=== Description of the task ===
Locate the line that contains "world_world.sun_shadow_jitter_overblur = 0.0" in the entries below, then repeat it and every following line through the line that contains "me_sphere = bpy.data.meshes.new('Sphere')", exactly, and no others.

BEGIN Data for processing

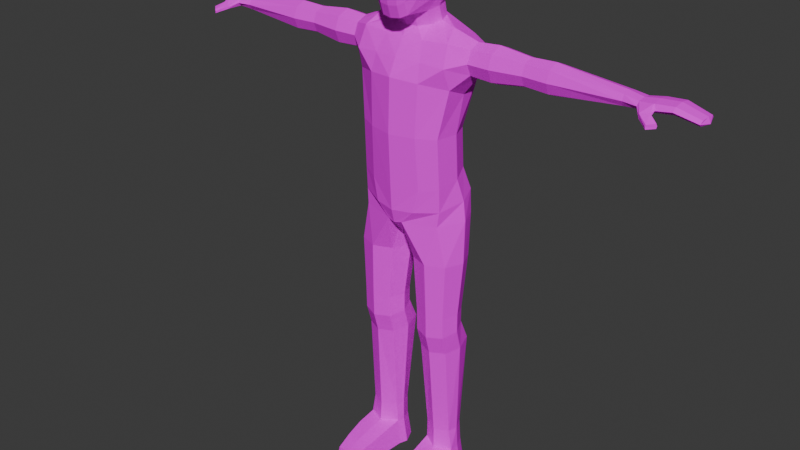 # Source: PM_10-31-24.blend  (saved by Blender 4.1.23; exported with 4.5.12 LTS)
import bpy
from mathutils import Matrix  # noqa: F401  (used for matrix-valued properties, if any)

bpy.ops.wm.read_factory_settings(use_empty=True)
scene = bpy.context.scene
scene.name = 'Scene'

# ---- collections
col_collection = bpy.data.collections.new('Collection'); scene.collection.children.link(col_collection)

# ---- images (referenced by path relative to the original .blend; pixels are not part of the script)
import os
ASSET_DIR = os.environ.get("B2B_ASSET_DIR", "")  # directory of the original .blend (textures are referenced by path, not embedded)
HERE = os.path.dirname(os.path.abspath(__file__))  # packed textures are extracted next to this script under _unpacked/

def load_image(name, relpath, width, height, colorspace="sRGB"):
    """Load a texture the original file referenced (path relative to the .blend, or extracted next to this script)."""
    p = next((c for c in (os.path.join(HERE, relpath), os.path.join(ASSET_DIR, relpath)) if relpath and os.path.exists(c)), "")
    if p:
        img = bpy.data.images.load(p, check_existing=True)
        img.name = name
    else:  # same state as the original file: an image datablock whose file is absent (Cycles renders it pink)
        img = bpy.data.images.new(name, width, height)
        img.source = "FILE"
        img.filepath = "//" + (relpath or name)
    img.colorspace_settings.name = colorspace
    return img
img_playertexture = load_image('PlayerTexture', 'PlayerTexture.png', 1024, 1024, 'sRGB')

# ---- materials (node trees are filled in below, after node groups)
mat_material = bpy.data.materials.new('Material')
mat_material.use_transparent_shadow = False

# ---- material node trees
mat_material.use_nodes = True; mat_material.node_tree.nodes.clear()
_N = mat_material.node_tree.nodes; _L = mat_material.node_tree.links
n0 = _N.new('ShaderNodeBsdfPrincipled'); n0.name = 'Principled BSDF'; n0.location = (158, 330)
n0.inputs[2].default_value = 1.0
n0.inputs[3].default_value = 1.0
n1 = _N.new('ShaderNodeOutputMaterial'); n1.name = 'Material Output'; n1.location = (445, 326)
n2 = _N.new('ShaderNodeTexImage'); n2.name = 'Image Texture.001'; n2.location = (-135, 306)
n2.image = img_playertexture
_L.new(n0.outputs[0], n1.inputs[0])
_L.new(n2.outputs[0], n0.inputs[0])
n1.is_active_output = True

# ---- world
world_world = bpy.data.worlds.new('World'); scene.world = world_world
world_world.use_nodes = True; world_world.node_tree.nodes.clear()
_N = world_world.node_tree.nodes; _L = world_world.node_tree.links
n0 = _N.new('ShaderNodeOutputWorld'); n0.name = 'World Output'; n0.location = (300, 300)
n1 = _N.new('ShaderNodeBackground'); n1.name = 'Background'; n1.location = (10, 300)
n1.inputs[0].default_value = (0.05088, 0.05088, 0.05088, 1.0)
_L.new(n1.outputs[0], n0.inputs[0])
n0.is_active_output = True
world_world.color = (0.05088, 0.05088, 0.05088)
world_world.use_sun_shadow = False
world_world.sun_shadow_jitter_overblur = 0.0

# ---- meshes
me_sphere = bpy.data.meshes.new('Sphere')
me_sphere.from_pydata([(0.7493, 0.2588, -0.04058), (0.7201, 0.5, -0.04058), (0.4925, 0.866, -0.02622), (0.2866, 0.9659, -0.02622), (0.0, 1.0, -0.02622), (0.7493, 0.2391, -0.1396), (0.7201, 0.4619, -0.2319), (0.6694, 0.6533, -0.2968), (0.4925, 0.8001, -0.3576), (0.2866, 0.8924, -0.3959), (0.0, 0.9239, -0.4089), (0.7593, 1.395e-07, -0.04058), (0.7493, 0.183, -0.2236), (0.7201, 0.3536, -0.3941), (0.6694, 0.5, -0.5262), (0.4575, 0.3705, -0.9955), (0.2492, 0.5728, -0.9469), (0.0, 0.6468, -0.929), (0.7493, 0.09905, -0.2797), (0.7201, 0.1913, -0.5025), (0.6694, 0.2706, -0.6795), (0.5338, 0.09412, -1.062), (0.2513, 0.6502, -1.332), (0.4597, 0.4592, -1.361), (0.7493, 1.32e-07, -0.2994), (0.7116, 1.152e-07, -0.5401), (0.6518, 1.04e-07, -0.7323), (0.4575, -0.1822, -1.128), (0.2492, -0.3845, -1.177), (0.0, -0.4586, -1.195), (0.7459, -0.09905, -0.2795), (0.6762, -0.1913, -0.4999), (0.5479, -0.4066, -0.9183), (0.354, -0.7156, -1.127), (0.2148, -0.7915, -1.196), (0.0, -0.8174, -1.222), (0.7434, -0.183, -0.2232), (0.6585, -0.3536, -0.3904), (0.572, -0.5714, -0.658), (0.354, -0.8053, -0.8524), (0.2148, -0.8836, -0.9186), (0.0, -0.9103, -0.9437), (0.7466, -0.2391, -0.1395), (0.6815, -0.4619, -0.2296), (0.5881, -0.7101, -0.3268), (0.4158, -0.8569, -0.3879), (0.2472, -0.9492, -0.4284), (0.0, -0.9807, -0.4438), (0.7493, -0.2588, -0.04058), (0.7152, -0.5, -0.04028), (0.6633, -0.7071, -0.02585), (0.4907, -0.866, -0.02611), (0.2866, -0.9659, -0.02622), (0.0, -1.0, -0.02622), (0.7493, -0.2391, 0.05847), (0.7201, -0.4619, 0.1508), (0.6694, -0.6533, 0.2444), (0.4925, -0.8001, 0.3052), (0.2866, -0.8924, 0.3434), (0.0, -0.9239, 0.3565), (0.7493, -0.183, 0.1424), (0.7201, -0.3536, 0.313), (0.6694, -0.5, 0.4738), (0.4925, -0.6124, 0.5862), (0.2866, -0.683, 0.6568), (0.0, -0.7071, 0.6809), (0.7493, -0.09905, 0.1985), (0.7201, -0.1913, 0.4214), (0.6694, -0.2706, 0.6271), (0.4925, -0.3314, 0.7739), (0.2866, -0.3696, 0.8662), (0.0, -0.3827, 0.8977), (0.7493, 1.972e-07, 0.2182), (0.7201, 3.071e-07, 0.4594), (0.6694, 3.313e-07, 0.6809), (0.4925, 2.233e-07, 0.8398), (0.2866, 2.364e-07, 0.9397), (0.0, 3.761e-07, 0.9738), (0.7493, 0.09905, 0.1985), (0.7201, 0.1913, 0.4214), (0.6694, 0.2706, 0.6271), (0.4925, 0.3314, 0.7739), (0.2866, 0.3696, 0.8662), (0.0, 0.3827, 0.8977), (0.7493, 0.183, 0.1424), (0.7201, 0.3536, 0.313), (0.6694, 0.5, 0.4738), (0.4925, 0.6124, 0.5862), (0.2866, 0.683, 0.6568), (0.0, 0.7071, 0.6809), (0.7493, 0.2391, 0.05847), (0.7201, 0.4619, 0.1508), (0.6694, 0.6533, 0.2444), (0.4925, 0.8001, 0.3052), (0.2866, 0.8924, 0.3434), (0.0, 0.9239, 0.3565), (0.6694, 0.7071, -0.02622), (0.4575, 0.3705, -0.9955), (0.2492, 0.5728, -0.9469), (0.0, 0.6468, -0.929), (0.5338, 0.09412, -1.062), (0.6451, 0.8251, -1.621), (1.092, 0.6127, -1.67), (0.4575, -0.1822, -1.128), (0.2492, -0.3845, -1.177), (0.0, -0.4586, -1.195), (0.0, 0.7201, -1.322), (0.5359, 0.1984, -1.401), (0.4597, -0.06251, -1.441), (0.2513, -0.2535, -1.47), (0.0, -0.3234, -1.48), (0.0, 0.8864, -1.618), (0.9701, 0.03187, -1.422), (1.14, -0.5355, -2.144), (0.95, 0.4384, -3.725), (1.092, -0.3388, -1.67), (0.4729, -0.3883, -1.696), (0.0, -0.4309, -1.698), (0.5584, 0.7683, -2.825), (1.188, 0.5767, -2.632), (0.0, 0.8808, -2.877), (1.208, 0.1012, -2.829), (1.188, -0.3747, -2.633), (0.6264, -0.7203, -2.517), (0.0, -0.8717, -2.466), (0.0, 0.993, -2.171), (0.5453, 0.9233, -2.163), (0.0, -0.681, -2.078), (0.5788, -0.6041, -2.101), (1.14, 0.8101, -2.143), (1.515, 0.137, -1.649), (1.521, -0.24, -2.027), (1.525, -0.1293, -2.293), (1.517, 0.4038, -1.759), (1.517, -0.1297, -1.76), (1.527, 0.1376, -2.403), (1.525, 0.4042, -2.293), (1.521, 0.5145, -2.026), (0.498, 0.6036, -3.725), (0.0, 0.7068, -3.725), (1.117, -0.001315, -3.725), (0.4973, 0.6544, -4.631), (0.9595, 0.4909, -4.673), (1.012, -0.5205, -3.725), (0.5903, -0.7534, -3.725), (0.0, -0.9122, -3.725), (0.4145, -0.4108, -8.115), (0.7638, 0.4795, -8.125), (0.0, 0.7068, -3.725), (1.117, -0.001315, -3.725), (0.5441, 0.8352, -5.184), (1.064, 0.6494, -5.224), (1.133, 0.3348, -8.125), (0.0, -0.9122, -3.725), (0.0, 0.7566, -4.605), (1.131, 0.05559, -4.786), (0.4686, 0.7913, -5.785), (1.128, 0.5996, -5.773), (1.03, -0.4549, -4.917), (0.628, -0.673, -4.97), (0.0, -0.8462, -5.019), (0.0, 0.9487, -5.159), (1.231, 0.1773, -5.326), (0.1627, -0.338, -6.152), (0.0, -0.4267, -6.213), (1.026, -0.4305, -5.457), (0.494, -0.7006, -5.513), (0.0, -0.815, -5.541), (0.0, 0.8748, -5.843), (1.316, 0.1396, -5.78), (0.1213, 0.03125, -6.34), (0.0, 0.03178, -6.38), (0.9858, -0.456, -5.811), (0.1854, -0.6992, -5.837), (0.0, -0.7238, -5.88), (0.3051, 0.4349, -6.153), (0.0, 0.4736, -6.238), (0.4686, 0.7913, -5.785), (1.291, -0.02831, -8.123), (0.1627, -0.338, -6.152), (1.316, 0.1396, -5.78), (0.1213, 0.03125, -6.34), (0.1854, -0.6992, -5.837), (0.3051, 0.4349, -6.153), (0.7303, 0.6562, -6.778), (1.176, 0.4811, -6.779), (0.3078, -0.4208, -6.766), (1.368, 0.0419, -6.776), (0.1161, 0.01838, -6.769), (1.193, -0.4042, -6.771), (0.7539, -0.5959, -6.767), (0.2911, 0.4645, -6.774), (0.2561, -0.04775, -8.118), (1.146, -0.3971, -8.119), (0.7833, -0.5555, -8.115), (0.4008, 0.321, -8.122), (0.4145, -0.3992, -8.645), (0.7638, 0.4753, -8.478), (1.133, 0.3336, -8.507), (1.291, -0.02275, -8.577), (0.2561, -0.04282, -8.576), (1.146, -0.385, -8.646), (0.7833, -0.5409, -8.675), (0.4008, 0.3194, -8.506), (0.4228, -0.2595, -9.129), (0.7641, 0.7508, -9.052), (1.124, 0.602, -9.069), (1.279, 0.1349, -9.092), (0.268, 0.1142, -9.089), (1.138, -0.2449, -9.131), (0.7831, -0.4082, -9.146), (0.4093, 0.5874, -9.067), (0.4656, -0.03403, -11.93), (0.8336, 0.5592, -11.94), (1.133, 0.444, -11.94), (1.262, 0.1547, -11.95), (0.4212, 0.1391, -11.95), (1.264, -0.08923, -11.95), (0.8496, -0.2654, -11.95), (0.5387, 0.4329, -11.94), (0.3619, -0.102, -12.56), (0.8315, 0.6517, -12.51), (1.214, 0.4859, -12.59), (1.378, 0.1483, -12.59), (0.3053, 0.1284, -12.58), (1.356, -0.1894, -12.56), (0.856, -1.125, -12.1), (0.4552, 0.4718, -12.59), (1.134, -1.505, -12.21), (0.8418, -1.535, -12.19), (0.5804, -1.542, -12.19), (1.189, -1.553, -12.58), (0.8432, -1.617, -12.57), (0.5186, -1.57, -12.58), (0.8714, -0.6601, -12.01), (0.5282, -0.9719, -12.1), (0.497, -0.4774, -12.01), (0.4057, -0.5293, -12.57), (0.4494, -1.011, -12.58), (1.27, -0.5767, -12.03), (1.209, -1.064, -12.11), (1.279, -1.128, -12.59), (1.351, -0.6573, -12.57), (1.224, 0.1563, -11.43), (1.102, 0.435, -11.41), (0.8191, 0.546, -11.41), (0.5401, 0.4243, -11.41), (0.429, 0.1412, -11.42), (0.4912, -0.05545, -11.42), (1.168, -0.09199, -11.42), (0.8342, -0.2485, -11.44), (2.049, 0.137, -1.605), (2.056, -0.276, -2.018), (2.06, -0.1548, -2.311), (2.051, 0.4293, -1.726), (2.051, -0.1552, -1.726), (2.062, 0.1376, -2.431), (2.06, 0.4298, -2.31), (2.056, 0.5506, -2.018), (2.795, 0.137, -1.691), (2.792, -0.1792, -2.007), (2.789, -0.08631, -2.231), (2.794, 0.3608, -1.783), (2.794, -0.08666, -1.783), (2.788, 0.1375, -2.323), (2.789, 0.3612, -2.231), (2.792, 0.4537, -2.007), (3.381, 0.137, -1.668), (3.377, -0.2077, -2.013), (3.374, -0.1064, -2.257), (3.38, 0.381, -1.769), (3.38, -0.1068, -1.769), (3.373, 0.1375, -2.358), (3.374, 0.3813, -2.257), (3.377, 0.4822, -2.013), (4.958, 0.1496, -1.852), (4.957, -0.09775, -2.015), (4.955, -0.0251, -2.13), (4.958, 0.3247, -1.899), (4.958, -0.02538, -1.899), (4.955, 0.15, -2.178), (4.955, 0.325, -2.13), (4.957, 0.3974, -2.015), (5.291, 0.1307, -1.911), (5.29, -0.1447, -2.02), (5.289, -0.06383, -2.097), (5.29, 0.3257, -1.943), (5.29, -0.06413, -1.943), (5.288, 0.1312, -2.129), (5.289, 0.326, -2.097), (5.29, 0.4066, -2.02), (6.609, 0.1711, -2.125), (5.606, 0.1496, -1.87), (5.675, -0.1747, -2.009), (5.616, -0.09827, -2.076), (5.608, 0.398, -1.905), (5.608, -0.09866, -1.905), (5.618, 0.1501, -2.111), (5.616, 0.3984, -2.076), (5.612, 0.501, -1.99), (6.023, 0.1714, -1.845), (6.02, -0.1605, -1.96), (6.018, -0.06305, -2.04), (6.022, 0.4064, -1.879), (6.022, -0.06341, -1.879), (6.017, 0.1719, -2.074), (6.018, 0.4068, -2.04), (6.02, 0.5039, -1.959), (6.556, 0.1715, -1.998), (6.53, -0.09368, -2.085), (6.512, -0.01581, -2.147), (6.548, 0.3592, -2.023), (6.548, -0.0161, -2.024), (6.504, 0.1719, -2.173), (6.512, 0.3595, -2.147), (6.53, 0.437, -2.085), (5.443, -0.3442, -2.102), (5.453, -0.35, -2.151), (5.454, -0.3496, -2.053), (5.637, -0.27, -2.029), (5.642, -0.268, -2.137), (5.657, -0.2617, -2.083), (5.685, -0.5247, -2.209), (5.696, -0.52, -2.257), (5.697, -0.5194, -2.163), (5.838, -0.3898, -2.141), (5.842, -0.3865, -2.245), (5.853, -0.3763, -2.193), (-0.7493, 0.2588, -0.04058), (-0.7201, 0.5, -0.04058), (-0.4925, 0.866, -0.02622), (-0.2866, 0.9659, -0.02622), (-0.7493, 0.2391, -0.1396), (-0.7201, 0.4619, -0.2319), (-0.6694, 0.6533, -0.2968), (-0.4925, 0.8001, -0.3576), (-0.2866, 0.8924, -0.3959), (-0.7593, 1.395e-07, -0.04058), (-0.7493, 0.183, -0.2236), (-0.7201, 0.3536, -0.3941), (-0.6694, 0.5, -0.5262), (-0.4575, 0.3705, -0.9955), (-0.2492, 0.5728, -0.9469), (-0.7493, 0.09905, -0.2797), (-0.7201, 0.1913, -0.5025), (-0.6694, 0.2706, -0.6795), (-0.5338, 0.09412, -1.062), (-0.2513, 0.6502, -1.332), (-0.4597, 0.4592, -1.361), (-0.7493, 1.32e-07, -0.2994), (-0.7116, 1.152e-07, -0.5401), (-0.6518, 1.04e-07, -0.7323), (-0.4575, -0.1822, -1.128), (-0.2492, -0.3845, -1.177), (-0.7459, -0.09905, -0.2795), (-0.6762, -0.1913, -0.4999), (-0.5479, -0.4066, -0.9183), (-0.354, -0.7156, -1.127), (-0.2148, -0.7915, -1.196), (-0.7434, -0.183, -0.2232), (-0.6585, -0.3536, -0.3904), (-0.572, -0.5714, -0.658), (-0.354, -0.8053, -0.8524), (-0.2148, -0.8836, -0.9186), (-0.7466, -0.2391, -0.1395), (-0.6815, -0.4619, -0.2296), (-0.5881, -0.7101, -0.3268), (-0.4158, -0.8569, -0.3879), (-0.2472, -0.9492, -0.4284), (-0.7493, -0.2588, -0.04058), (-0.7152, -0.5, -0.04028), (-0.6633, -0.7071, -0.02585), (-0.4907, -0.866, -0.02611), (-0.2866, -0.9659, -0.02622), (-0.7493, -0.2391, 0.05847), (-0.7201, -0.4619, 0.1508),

END Data for processing

=== Solved exercise ===
world_world.sun_shadow_jitter_overblur = 0.0

# ---- meshes
me_sphere = bpy.data.meshes.new('Sphere')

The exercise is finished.